Although this trend has yet to be confirmed, market dynamics underline the growing attractiveness of French startups on the international scene. In recent years, American companies have acquired French startups more regularly and for a higher median value.” underlines Lionel Aré, senior associate director at BCG.

Three categories of objectives motivate these acquisitions

The interviews conducted as part of this analysis reveal increasingly structured acquisition approaches on the part of large companies. These mergers are motivated by three sources of value creation:

  • Strengthen the core business. The acquisition of new technologies and the integration of new talent make it possible to accelerate innovation on existing offers.  
  • Extend to adjacent business areas. Complement the core business with promising activities.
  • Diversify/develop in other areas. Explore new markets and/or new products.

To pursue these objectives and achieve value creation, three main integration models are implemented:

  • The standalone model: the startup maintains its operation while benefiting from the company's resources to continue growing. The company limits its intervention so as not to hamper its development dynamics
  • The model in targeted reconciliation: some aspects of the startup's functioning are changing (e.g. HR management, finance...). Business bridges are created between the company and the startup.
  • The full integration model: the core activities of the startup and the company work together. The startup disappears as an autonomous entity.
The last few years have shown a better collaboration and mutual understanding of these two worlds. In France, players prefer to maintain a large degree of autonomy for the start-ups purchased in order to preserve their innovation dynamic.. However, the miracle recipe does not exist; hybrid approaches most often make it possible to meet the compromises necessary for the successful execution of the merger.” explains Paul Jeannest.

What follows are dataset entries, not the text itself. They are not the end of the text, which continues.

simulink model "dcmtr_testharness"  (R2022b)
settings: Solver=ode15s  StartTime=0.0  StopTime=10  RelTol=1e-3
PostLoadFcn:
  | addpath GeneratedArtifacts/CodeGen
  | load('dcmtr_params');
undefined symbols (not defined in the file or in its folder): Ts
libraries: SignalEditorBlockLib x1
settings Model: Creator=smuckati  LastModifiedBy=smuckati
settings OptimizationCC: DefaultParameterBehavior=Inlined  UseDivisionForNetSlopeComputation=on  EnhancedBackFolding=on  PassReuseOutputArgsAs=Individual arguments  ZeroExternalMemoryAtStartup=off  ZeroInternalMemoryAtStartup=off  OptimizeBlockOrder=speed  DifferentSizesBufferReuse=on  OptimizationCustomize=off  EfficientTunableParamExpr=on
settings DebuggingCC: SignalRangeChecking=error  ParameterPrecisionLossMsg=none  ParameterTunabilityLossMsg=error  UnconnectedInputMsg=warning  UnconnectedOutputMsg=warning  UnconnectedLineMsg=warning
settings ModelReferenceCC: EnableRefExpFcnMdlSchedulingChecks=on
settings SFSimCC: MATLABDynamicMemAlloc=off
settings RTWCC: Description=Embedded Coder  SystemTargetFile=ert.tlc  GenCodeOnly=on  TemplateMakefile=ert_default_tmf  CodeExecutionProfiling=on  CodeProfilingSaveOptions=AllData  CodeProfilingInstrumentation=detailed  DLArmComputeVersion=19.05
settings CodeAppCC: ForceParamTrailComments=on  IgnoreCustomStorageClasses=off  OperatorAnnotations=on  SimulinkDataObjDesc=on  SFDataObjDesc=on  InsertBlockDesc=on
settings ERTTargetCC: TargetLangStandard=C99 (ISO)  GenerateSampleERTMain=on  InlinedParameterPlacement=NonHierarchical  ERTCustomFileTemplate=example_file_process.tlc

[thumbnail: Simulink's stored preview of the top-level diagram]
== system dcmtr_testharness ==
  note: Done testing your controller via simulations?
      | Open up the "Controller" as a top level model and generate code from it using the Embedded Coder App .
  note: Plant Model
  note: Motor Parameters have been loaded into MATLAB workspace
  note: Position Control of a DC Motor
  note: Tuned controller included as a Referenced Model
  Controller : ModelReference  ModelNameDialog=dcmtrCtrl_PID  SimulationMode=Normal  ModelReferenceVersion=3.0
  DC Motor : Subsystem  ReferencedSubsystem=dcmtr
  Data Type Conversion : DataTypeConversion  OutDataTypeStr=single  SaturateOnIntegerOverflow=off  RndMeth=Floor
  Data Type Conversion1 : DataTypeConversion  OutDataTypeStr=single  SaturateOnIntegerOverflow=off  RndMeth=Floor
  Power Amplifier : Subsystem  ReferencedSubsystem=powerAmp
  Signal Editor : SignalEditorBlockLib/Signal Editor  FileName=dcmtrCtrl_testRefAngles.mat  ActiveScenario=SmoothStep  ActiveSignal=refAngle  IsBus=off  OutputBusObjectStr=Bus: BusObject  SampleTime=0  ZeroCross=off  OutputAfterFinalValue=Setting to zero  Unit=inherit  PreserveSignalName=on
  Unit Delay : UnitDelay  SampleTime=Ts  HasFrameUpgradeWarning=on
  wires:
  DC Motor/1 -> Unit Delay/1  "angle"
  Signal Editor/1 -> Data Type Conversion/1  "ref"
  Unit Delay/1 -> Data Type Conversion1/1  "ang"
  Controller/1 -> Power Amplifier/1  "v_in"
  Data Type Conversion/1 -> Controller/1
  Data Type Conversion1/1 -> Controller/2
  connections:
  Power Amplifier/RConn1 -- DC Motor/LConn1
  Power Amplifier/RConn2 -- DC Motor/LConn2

As in any union, some good practices to overcome difficulties

However, the success of these acquisitions is far from being systematic. Whether it is a question of frustrations, loss of skills or culture shock, it is essential to anticipate difficulties in order to prepare for and deal with them. The authors identify several best practices, each linked to a distinct phase of procurement. Among them:

  • “Beware of love at first sight”, before the acquisition: Ask yourself the right questions: is the vision shared? To what extent is this acquisition in line with the company's long-term strategy?
  • “Life for two”, post-acquisition: The analysis is particularly interested in the operational models developed to carry out these integrations. ” While they may seem fairly theoretical, these models of collaboration between the various stakeholders are crucial to the success of these unions. ” recalls Paul Jeannest, co-founder and CEO of RaiseLab. “Good management of personal interactions - between the founder, the sponsor and the executive committee - and interactions between legal entities - startups, affiliated business units and boards are essential ” he specifies.
  • “Dare to break up”, knowing how to question yourself: If you made a mistake, know how to pivot and question the union and its goals, or even put an end to collaboration.

In an uncertain economic context, this study offers startups and businesses the keys to a successful union and move from love at first sight to marriage of convenience.